What is needed:
Reproduce word for word, from the entries below, the line with "Vac = sqrt(2)*Vline/sqrt(3)", the line with "settings DataIOCC: LimitDataPoints=on", and every line between them, and nothing more.

- Opening Delimiter -

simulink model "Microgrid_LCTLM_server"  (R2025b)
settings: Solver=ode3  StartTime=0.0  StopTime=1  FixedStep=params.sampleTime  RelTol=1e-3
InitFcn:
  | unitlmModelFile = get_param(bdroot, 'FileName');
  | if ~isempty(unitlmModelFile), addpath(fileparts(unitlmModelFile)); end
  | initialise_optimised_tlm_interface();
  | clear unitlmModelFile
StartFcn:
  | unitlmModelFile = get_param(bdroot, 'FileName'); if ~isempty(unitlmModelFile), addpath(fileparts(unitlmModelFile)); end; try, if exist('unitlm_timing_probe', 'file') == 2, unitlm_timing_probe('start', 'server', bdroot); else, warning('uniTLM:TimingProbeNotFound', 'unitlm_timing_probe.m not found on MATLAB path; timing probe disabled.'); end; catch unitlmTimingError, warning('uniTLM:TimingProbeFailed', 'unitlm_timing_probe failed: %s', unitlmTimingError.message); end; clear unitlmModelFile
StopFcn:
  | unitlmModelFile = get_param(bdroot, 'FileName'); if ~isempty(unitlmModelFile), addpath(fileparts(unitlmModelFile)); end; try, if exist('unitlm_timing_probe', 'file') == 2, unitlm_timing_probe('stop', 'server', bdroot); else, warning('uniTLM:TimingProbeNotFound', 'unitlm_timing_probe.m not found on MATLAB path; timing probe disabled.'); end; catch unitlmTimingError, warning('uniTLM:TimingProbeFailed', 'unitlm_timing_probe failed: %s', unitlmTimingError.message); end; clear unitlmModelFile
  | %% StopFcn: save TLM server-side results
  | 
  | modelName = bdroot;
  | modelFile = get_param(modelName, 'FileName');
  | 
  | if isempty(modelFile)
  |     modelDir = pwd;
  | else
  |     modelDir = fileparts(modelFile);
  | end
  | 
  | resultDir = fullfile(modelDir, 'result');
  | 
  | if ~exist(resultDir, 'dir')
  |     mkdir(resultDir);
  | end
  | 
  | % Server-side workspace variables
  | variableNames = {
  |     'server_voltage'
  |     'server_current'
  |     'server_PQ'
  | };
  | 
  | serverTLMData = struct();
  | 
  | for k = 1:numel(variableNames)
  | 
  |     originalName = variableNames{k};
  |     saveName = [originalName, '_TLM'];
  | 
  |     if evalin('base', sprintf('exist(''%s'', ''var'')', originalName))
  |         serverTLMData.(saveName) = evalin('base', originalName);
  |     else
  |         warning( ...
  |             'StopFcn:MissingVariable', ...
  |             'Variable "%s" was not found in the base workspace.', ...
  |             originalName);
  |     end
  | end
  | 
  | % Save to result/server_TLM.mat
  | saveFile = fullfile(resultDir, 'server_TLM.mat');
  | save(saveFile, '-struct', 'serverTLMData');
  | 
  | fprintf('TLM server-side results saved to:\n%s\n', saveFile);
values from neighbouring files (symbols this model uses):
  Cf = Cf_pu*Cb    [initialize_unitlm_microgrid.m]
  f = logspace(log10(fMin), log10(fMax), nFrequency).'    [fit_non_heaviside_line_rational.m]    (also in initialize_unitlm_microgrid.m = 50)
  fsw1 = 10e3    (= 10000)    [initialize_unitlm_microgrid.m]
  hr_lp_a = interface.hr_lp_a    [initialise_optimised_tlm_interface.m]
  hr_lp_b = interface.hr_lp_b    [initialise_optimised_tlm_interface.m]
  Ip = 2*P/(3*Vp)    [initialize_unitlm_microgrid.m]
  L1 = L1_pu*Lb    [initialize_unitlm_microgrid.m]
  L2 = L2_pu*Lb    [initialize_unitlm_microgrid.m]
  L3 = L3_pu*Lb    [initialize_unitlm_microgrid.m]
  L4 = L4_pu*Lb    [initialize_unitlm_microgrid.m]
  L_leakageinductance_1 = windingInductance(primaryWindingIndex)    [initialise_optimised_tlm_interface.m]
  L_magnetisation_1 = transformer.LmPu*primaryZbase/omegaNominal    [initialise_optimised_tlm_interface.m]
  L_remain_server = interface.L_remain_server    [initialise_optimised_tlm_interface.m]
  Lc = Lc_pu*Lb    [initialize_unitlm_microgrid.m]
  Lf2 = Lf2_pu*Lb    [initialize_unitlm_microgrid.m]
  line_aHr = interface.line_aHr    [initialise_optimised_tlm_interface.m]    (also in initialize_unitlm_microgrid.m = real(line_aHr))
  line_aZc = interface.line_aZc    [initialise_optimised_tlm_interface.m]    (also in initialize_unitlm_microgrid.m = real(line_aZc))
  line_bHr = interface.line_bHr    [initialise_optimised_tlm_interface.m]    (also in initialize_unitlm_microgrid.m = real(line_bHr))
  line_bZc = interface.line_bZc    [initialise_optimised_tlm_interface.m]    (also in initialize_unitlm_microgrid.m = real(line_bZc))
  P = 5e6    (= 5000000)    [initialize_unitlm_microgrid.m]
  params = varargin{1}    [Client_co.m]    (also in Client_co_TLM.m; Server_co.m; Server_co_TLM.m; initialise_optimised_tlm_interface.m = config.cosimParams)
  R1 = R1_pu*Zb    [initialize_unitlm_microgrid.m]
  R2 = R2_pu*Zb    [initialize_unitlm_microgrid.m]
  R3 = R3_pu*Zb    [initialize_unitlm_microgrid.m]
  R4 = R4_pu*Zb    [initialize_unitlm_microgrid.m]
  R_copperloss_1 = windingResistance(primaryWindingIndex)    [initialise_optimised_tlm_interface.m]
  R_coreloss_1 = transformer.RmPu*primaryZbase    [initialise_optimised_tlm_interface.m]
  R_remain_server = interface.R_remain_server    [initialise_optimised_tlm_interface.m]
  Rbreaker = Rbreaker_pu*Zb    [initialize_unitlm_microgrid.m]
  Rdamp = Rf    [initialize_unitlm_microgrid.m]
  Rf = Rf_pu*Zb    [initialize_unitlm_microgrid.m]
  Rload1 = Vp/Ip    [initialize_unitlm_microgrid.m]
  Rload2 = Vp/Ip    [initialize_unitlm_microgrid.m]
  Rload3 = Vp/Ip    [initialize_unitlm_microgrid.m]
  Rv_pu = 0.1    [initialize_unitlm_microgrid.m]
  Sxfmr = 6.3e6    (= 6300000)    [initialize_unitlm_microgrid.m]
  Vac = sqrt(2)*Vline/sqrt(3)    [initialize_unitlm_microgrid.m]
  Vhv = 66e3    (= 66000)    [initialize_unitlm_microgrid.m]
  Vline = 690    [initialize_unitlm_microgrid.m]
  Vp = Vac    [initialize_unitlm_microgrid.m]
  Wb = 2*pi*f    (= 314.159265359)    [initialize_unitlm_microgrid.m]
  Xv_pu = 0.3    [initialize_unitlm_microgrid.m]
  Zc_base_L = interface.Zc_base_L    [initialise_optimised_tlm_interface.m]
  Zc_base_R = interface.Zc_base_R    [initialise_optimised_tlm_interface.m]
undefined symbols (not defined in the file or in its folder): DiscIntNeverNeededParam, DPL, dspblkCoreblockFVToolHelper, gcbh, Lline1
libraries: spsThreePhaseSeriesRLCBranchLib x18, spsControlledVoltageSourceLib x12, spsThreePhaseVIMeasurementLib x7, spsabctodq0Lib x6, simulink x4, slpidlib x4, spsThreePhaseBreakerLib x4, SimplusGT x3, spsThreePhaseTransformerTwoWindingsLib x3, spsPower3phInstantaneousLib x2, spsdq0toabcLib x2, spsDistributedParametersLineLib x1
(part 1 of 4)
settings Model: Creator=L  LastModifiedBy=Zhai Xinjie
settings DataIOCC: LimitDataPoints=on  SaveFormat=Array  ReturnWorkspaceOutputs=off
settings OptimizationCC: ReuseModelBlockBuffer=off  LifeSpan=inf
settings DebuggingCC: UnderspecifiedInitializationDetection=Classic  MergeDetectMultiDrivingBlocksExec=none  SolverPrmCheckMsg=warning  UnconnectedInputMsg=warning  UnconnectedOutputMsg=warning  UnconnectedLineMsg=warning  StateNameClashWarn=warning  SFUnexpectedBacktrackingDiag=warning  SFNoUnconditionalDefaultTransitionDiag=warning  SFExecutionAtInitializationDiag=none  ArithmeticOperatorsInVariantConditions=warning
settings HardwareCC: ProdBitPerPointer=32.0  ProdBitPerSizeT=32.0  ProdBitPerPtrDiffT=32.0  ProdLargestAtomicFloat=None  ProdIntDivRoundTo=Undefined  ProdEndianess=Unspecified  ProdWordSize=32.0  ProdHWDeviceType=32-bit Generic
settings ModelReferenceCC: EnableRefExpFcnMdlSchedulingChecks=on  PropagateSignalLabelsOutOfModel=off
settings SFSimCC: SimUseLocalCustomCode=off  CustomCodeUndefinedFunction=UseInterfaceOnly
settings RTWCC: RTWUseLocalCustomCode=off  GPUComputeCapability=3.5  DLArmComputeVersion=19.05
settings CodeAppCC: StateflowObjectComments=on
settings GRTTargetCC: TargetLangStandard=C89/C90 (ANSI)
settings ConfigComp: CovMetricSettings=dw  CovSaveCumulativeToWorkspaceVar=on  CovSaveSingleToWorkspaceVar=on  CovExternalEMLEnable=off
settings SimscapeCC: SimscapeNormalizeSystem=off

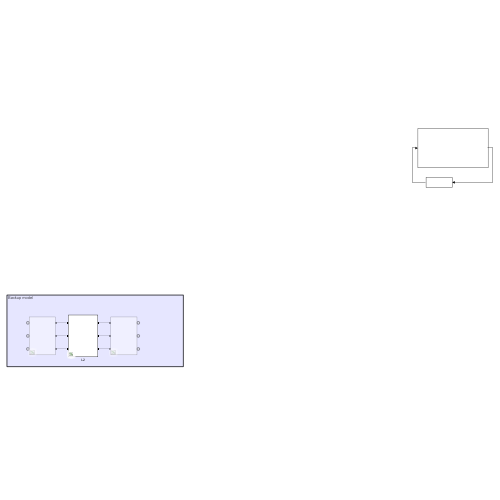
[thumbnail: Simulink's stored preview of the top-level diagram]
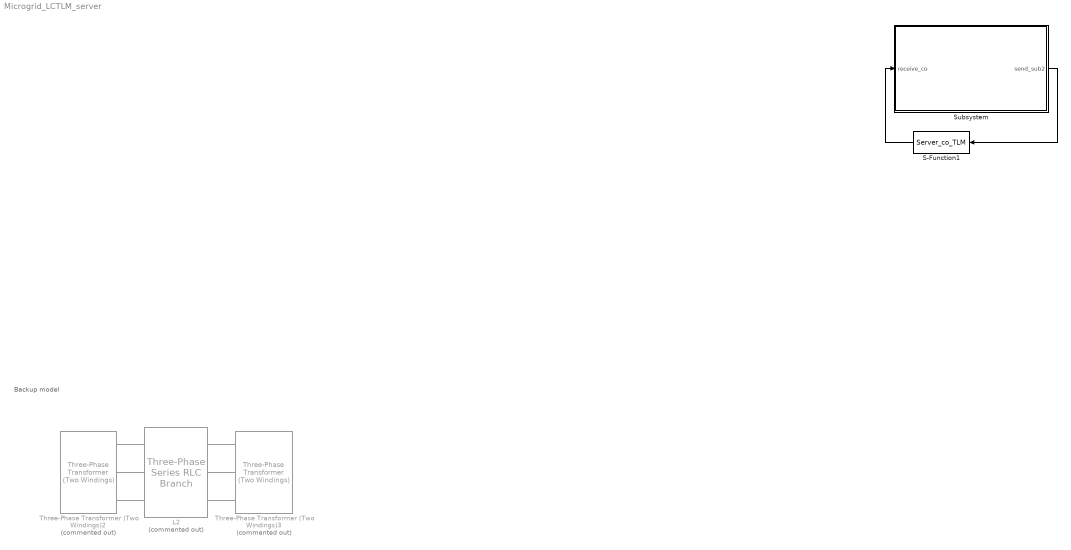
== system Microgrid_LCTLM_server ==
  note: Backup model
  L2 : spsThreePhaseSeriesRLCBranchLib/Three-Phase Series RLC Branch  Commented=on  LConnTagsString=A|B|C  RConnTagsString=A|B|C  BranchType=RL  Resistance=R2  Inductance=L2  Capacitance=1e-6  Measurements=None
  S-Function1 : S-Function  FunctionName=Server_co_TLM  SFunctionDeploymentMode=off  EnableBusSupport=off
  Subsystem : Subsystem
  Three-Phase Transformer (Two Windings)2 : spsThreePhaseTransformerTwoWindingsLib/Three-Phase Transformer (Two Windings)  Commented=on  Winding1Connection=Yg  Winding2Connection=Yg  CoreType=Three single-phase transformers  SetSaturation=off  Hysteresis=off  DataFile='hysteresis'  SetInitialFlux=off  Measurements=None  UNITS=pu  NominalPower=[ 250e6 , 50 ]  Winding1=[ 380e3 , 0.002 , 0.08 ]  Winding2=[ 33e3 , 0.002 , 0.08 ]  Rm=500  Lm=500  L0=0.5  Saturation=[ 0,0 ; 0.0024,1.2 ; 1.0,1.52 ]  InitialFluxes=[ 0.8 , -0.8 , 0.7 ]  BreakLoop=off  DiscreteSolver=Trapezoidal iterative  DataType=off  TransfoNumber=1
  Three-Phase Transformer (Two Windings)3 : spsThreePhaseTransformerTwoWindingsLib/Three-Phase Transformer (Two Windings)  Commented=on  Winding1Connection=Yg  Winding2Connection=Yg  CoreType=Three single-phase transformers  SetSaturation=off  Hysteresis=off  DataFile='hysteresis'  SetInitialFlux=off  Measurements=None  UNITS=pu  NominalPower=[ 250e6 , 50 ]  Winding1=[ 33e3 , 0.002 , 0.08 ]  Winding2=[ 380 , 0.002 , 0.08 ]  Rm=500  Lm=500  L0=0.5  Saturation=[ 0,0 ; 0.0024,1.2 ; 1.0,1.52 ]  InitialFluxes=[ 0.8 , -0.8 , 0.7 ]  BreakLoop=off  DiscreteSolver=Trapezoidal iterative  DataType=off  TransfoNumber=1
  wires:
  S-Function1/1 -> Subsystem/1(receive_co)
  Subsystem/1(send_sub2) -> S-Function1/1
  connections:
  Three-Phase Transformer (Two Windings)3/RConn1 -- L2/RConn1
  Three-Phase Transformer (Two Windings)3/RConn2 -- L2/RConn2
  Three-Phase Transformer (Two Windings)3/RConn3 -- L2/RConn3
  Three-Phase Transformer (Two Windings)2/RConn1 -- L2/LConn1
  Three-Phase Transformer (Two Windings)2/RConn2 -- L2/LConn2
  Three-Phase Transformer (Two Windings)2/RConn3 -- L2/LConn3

- Closing Delimiter -

Solution to this task:
  Vac = sqrt(2)*Vline/sqrt(3)    [initialize_unitlm_microgrid.m]
  Vhv = 66e3    (= 66000)    [initialize_unitlm_microgrid.m]
  Vline = 690    [initialize_unitlm_microgrid.m]
  Vp = Vac    [initialize_unitlm_microgrid.m]
  Wb = 2*pi*f    (= 314.159265359)    [initialize_unitlm_microgrid.m]
  Xv_pu = 0.3    [initialize_unitlm_microgrid.m]
  Zc_base_L = interface.Zc_base_L    [initialise_optimised_tlm_interface.m]
  Zc_base_R = interface.Zc_base_R    [initialise_optimised_tlm_interface.m]
undefined symbols (not defined in the file or in its folder): DiscIntNeverNeededParam, DPL, dspblkCoreblockFVToolHelper, gcbh, Lline1
libraries: spsThreePhaseSeriesRLCBranchLib x18, spsControlledVoltageSourceLib x12, spsThreePhaseVIMeasurementLib x7, spsabctodq0Lib x6, simulink x4, slpidlib x4, spsThreePhaseBreakerLib x4, SimplusGT x3, spsThreePhaseTransformerTwoWindingsLib x3, spsPower3phInstantaneousLib x2, spsdq0toabcLib x2, spsDistributedParametersLineLib x1
(part 1 of 4)
settings Model: Creator=L  LastModifiedBy=Zhai Xinjie
settings DataIOCC: LimitDataPoints=on  SaveFormat=Array  ReturnWorkspaceOutputs=off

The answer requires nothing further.